021 Menace to Society (Part One): Leaving as a Single
Choosing to chart your own course
Notes:
Marriage and family take center stage in Mormon doctrine and culture, and this can create significant tension for those who remain single. Questions surrounding belonging and identity within Mormonism are often harder to answer for a single person than their married counterparts. There are unique aspects to leaving the church when single, and we hope these next two episodes provide some insights to all our listeners.

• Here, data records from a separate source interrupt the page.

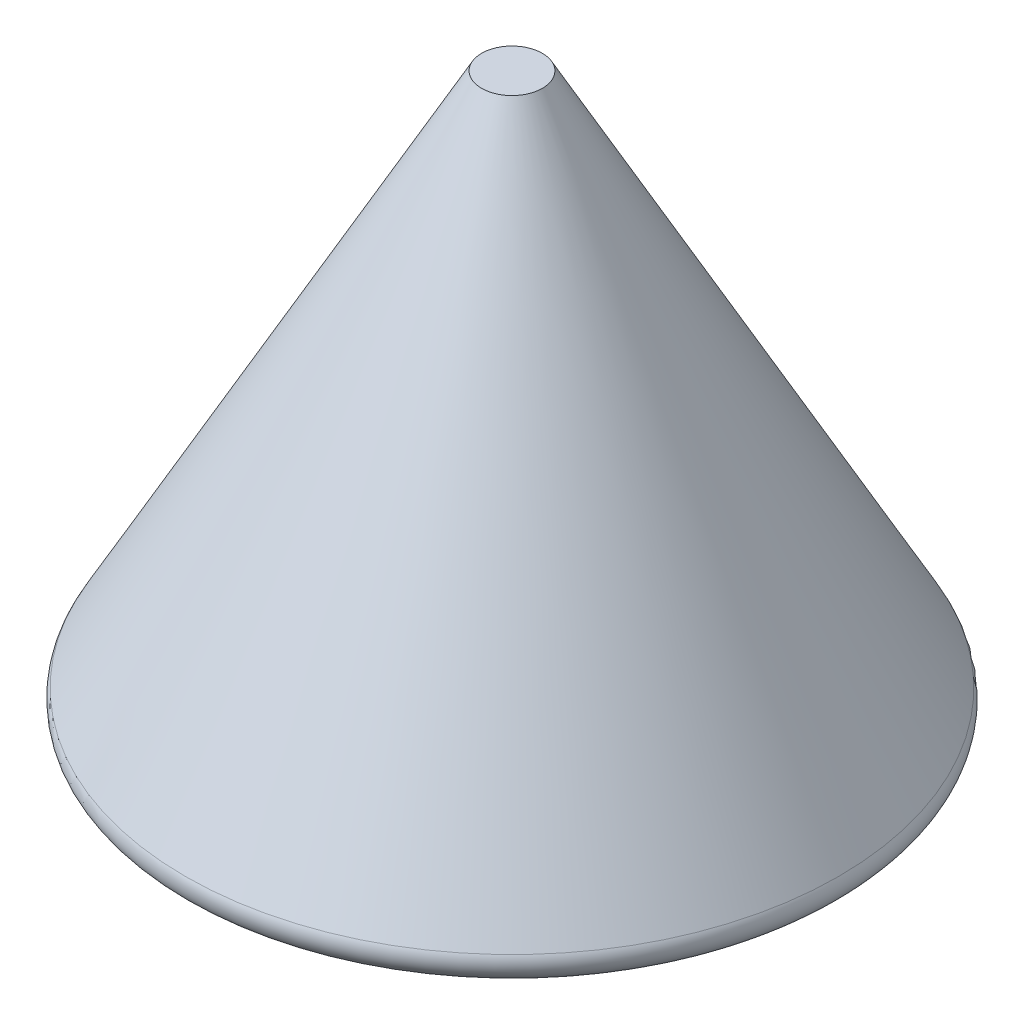
ISO-10303-21;
HEADER;
FILE_DESCRIPTION(('STEP AP214'),'2;1');
FILE_NAME('part.step','',(''),(''),'','','');
FILE_SCHEMA(('AUTOMOTIVE_DESIGN { 1 0 10303 214 1 1 1 1 }'));
ENDSEC;
DATA;
#1=APPLICATION_CONTEXT('core data for automotive mechanical design processes');
#2=APPLICATION_PROTOCOL_DEFINITION('international standard','automotive_design',2000,#1);
#3=PRODUCT_CONTEXT('',#1,'mechanical');
#4=PRODUCT('Part','Part','',(#3));
#5=PRODUCT_RELATED_PRODUCT_CATEGORY('part','',(#4));
#6=PRODUCT_DEFINITION_FORMATION('','',#4);
#7=PRODUCT_DEFINITION_CONTEXT('part definition',#1,'design');
#8=PRODUCT_DEFINITION('design','',#6,#7);
#9=PRODUCT_DEFINITION_SHAPE('','',#8);
#10=(LENGTH_UNIT() NAMED_UNIT(*) SI_UNIT(.MILLI.,.METRE.));
#11=(NAMED_UNIT(*) PLANE_ANGLE_UNIT() SI_UNIT($,.RADIAN.));
#12=(NAMED_UNIT(*) SI_UNIT($,.STERADIAN.) SOLID_ANGLE_UNIT());
#13=UNCERTAINTY_MEASURE_WITH_UNIT(LENGTH_MEASURE(1.E-05),#10,'distance_accuracy_value','');
#14=(GEOMETRIC_REPRESENTATION_CONTEXT(3) GLOBAL_UNCERTAINTY_ASSIGNED_CONTEXT((#13)) GLOBAL_UNIT_ASSIGNED_CONTEXT((#10,
#11,#12)) REPRESENTATION_CONTEXT('',''));
#15=CARTESIAN_POINT('',(0.,0.,0.));
#16=DIRECTION('',(0.,0.,1.));
#17=DIRECTION('',(1.,0.,0.));
#18=AXIS2_PLACEMENT_3D('',#15,#16,#17);
#19=CARTESIAN_POINT('',(0.,0.,0.));
#20=DIRECTION('',(0.,-1.,0.));
#21=DIRECTION('',(0.,0.,1.));
#22=AXIS2_PLACEMENT_3D('',#19,#20,#21);
#23=CONICAL_SURFACE('',#22,36.5,0.506145483078356);
#24=CARTESIAN_POINT('',(0.,2.96961924049267,0.));
#25=DIRECTION('',(0.,1.,0.));
#26=DIRECTION('',(0.,0.,1.));
#27=AXIS2_PLACEMENT_3D('',#24,#25,#26);
#28=CIRCLE('',#27,34.8539131756266);
#29=CARTESIAN_POINT('',(0.,2.96961924049267,34.8539131756266));
#30=VERTEX_POINT('',#29);
#31=EDGE_CURVE('E40',#30,#30,#28,.T.);
#32=CARTESIAN_POINT('',(0.,60.,0.));
#33=DIRECTION('',(0.,1.,0.));
#34=DIRECTION('',(0.,0.,1.));
#35=AXIS2_PLACEMENT_3D('',#32,#33,#34);
#36=CIRCLE('',#35,3.24145691283384);
#37=CARTESIAN_POINT('',(0.,60.,3.24145691283385));
#38=VERTEX_POINT('',#37);
#39=EDGE_CURVE('E44',#38,#38,#36,.T.);
#40=CARTESIAN_POINT('',(0.,2.96961924049267,34.8539131756266));
#41=CARTESIAN_POINT('',(0.,3.56368570673754,34.5246167562225));
#42=CARTESIAN_POINT('',(0.,4.15775217298241,34.1953203368184));
#43=CARTESIAN_POINT('',(0.,5.34588510547215,33.5367274980102));
#44=CARTESIAN_POINT('',(0.,5.93995157171701,33.2074310786061));
#45=CARTESIAN_POINT('',(0.,7.12808450420675,32.548838239798));
#46=CARTESIAN_POINT('',(0.,7.72215097045162,32.2195418203939));
#47=CARTESIAN_POINT('',(0.,8.91028390294135,31.5609489815857));
#48=CARTESIAN_POINT('',(0.,9.50435036918622,31.2316525621816));
#49=CARTESIAN_POINT('',(0.,10.692483301676,30.5730597233734));
#50=CARTESIAN_POINT('',(0.,11.2865497679208,30.2437633039693));
#51=CARTESIAN_POINT('',(0.,12.4746827004106,29.5851704651611));
#52=CARTESIAN_POINT('',(0.,13.0687491666554,29.2558740457571));
#53=CARTESIAN_POINT('',(0.,14.2568820991452,28.5972812069489));
#54=CARTESIAN_POINT('',(0.,14.85094856539,28.2679847875448));
#55=CARTESIAN_POINT('',(0.,16.0390814978798,27.6093919487366));
#56=CARTESIAN_POINT('',(0.,16.6331479641246,27.2800955293325));
#57=CARTESIAN_POINT('',(0.,17.8212808966144,26.6215026905243));
#58=CARTESIAN_POINT('',(0.,18.4153473628592,26.2922062711202));
#59=CARTESIAN_POINT('',(0.,19.603480295349,25.6336134323121));
#60=CARTESIAN_POINT('',(0.,20.1975467615938,25.304317012908));
#61=CARTESIAN_POINT('',(0.,21.3856796940836,24.6457241740998));
#62=CARTESIAN_POINT('',(0.,21.9797461603284,24.3164277546957));
#63=CARTESIAN_POINT('',(0.,23.1678790928182,23.6578349158875));
#64=CARTESIAN_POINT('',(0.,23.7619455590631,23.3285384964834));
#65=CARTESIAN_POINT('',(0.,24.9500784915528,22.6699456576752));
#66=CARTESIAN_POINT('',(0.,25.5441449577977,22.3406492382711));
#67=CARTESIAN_POINT('',(0.,26.7322778902874,21.682056399463));
#68=CARTESIAN_POINT('',(0.,27.3263443565323,21.3527599800589));
#69=CARTESIAN_POINT('',(0.,28.514477289022,20.6941671412507));
#70=CARTESIAN_POINT('',(0.,29.1085437552669,20.3648707218466));
#71=CARTESIAN_POINT('',(0.,30.2966766877566,19.7062778830384));
#72=CARTESIAN_POINT('',(0.,30.8907431540015,19.3769814636343));
#73=CARTESIAN_POINT('',(0.,32.0788760864912,18.7183886248261));
#74=CARTESIAN_POINT('',(0.,32.6729425527361,18.389092205422));
#75=CARTESIAN_POINT('',(0.,33.8610754852258,17.7304993666139));
#76=CARTESIAN_POINT('',(0.,34.4551419514707,17.4012029472098));
#77=CARTESIAN_POINT('',(0.,35.6432748839604,16.7426101084016));
#78=CARTESIAN_POINT('',(0.,36.2373413502053,16.4133136889975));
#79=CARTESIAN_POINT('',(0.,37.425474282695,15.7547208501893));
#80=CARTESIAN_POINT('',(0.,38.0195407489399,15.4254244307852));
#81=CARTESIAN_POINT('',(0.,39.2076736814296,14.766831591977));
#82=CARTESIAN_POINT('',(0.,39.8017401476745,14.437535172573));
#83=CARTESIAN_POINT('',(0.,40.9898730801642,13.7789423337648));
#84=CARTESIAN_POINT('',(0.,41.5839395464091,13.4496459143607));
#85=CARTESIAN_POINT('',(0.,42.7720724788988,12.7910530755525));
#86=CARTESIAN_POINT('',(0.,43.3661389451437,12.4617566561484));
#87=CARTESIAN_POINT('',(0.,44.5542718776334,11.8031638173402));
#88=CARTESIAN_POINT('',(0.,45.1483383438783,11.4738673979361));
#89=CARTESIAN_POINT('',(0.,46.336471276368,10.8152745591279));
#90=CARTESIAN_POINT('',(0.,46.9305377426129,10.4859781397239));
#91=CARTESIAN_POINT('',(0.,48.1186706751026,9.82738530091567));
#92=CARTESIAN_POINT('',(0.,48.7127371413475,9.49808888151158));
#93=CARTESIAN_POINT('',(0.,49.9008700738372,8.8394960427034));
#94=CARTESIAN_POINT('',(0.,50.4949365400821,8.5101996232993));
#95=CARTESIAN_POINT('',(0.,51.6830694725718,7.85160678449112));
#96=CARTESIAN_POINT('',(0.,52.2771359388167,7.52231036508703));
#97=CARTESIAN_POINT('',(0.,53.4652688713064,6.86371752627885));
#98=CARTESIAN_POINT('',(0.,54.0593353375513,6.53442110687476));
#99=CARTESIAN_POINT('',(0.,55.2474682700411,5.87582826806657));
#100=CARTESIAN_POINT('',(0.,55.8415347362859,5.54653184866248));
#101=CARTESIAN_POINT('',(0.,57.0296676687757,4.8879390098543));
#102=CARTESIAN_POINT('',(0.,57.6237341350205,4.55864259045021));
#103=CARTESIAN_POINT('',(0.,58.8118670675103,3.90004975164203));
#104=CARTESIAN_POINT('',(0.,59.4059335337551,3.57075333223794));
#105=CARTESIAN_POINT('',(0.,60.,3.24145691283385));
#106=B_SPLINE_CURVE_WITH_KNOTS('',3,(#40,#41,#42,#43,#44,#45,#46,#47,#48,#49,#50,#51,#52,#53,
#54,#55,#56,#57,#58,#59,#60,#61,#62,#63,#64,#65,#66,#67,#68,#69,#70,#71,#72,#73,#74,#75,#76,#77,
#78,#79,#80,#81,#82,#83,#84,#85,#86,#87,#88,#89,#90,#91,#92,#93,#94,#95,#96,#97,#98,#99,#100,
#101,#102,#103,#104,#105),.UNSPECIFIED.,.F.,.F.,(4,2,2,2,2,2,2,2,2,2,2,2,2,2,2,2,2,2,2,2,2,2,2,
2,2,2,2,2,2,2,2,2,4),(0.,2.0376849323046,4.07536986460919,6.11305479691378,8.15073972921838,
10.188424661523,12.2261095938276,14.2637945261322,16.3014794584368,18.3391643907413,
20.3768493230459,22.4145342553505,24.4522191876551,26.4899041199597,28.5275890522643,
30.5652739845689,32.6029589168735,34.6406438491781,36.6783287814827,38.7160137137873,
40.7536986460919,42.7913835783965,44.8290685107011,46.8667534430057,48.9044383753103,
50.9421233076149,52.9798082399195,55.0174931722241,57.0551781045287,59.0928630368333,
61.1305479691379,63.1682329014425,65.2059178337471),.UNSPECIFIED.);
#107=EDGE_CURVE('BSEAM33',#30,#38,#106,.T.);
#108=ORIENTED_EDGE('',*,*,#31,.T.);
#109=ORIENTED_EDGE('',*,*,#39,.F.);
#110=ORIENTED_EDGE('',*,*,#107,.T.);
#111=ORIENTED_EDGE('',*,*,#107,.F.);
#112=EDGE_LOOP('',(#108,#110,#109,#111));
#113=FACE_BOUND('',#112,.T.);
#114=ADVANCED_FACE('F33',(#113),#23,.T.);
#115=CARTESIAN_POINT('',(0.,60.,0.));
#116=DIRECTION('',(0.,1.,0.));
#117=DIRECTION('',(0.,0.,1.));
#118=AXIS2_PLACEMENT_3D('',#115,#116,#117);
#119=PLANE('',#118);
#120=ORIENTED_EDGE('',*,*,#39,.T.);
#121=EDGE_LOOP('',(#120));
#122=FACE_BOUND('',#121,.T.);
#123=ADVANCED_FACE('F51',(#122),#119,.T.);
#124=CARTESIAN_POINT('',(0.,0.,0.));
#125=DIRECTION('',(0.,1.,0.));
#126=DIRECTION('',(0.,0.,1.));
#127=AXIS2_PLACEMENT_3D('',#124,#125,#126);
#128=PLANE('',#127);
#129=CARTESIAN_POINT('',(0.,0.,0.));
#130=DIRECTION('',(0.,1.,0.));
#131=DIRECTION('',(0.,0.,1.));
#132=AXIS2_PLACEMENT_3D('',#129,#130,#131);
#133=CIRCLE('',#132,33.1046737613478);
#134=CARTESIAN_POINT('',(0.,0.,33.1046737613478));
#135=VERTEX_POINT('',#134);
#136=EDGE_CURVE('E10',#135,#135,#133,.F.);
#137=ORIENTED_EDGE('',*,*,#136,.T.);
#138=EDGE_LOOP('',(#137));
#139=FACE_BOUND('',#138,.T.);
#140=ADVANCED_FACE('F57',(#139),#128,.F.);
#141=CARTESIAN_POINT('',(0.,2.,0.));
#142=DIRECTION('',(0.,1.,0.));
#143=DIRECTION('',(0.,0.,1.));
#144=AXIS2_PLACEMENT_3D('',#141,#142,#143);
#145=TOROIDAL_SURFACE('',#144,33.1046737613478,2.);
#146=ORIENTED_EDGE('',*,*,#136,.F.);
#147=EDGE_LOOP('',(#146));
#148=FACE_BOUND('',#147,.T.);
#149=ORIENTED_EDGE('',*,*,#31,.F.);
#150=EDGE_LOOP('',(#149));
#151=FACE_BOUND('',#150,.T.);
#152=ADVANCED_FACE('F35',(#148,#151),#145,.T.);
#153=CLOSED_SHELL('',(#114,#123,#140,#152));
#154=MANIFOLD_SOLID_BREP('B2',#153);
#155=ADVANCED_BREP_SHAPE_REPRESENTATION('',(#18,#154),#14);
#156=SHAPE_DEFINITION_REPRESENTATION(#9,#155);
ENDSEC;
END-ISO-10303-21;

On today’s episode, Chloe is joined by two guest panelists, Beth and Josh, to talk about their experiences leaving the Mormon church as single, never-married people and how they have navigated the change in community support and family dynamics. Also, be on the lookout next week for part two of our series on leaving Mormonism as a single person, where our panel will dive deeper into dating and sex as a post-Mormon single.
TAXONOMY
Losing access to an instant social network is a difficult aspect of leaving the Mormon church. Mormonism provides a framework for shared belief, shared ideas, and a shared vocabulary, and these allow for an immediately sense of connection between two people. It also provides a structure for social interaction; attending ward events or even just catching up in the hall on a Sunday between meetings provides a feeling of belonging. When this social network is gone, people often find they need to develop practical skills for navigating a social world outside Mormonism.
This loss of community can be particularly difficult for a single person, especially if they are not near family. Help with unexpected events or crises, like an illness or surgery, can be more difficult to come by. Sometimes the cost of losing this built-in support system is high enough that a person is compelled to remain in the church longer than they might otherwise have chosen.
When telling family about your change in belief, expect there to be some renegotiation and reconfiguration of your relationship with parents and siblings, especially if participation in the church lies at the heart of your family dynamic. Also, it’s not uncommon for a single person in Mormonism to feel like they still need to ask permission or seek validation for their choices. Outside of the church, rites of passage to adulthood are similar for everyone, despite their marital status. Within Mormon culture, marriage is the rite of passage marking adulthood, regardless of a person’s actual age. Single Mormon adults are often still treated as younger or less experienced that their married counterparts, and this can lead to difficult dynamics, particularly between a single person and their parents.
Leaving Mormonism as a single person does have some advantages as well. You’ll be able to navigate your shift in belief independently without having to worry about the ramifications it may have on a spouse, and for those who have no children, you won’t need to negotiate co-parenting with a believing Mormon partner.
ABSOLUTE ESSENTIALS
Filling the community gap may feel overwhelming at first, but it does become easier over time. Finding other post-Mormons with shared experiences can be hugely helpful; try searching for groups on MeetUp.com or check out the weekly meet-up thread on the ExMormon Reddit. Connecting with old friends outside of Mormonism, joining a group related to a favorite hobby, or finding friendships among coworkers are also great ways to find new social groups outside of Mormonism.
Reach out to friends on Facebook or other social media who left a few years before you; they’ve been through these experiences and know how difficult the transition can be.
Try to hang on to relationships with believing friends that you truly value. Find ways to keep your change in faith from becoming an obstacle in the friendship, and give them a chance to be loving and responsive in return. You may be surprised by how many people won’t let your differences in beliefs become a stumbling block.
Be vulnerable in your relationships with people you trust. It’s through vulnerability that we build true, strong connection between people.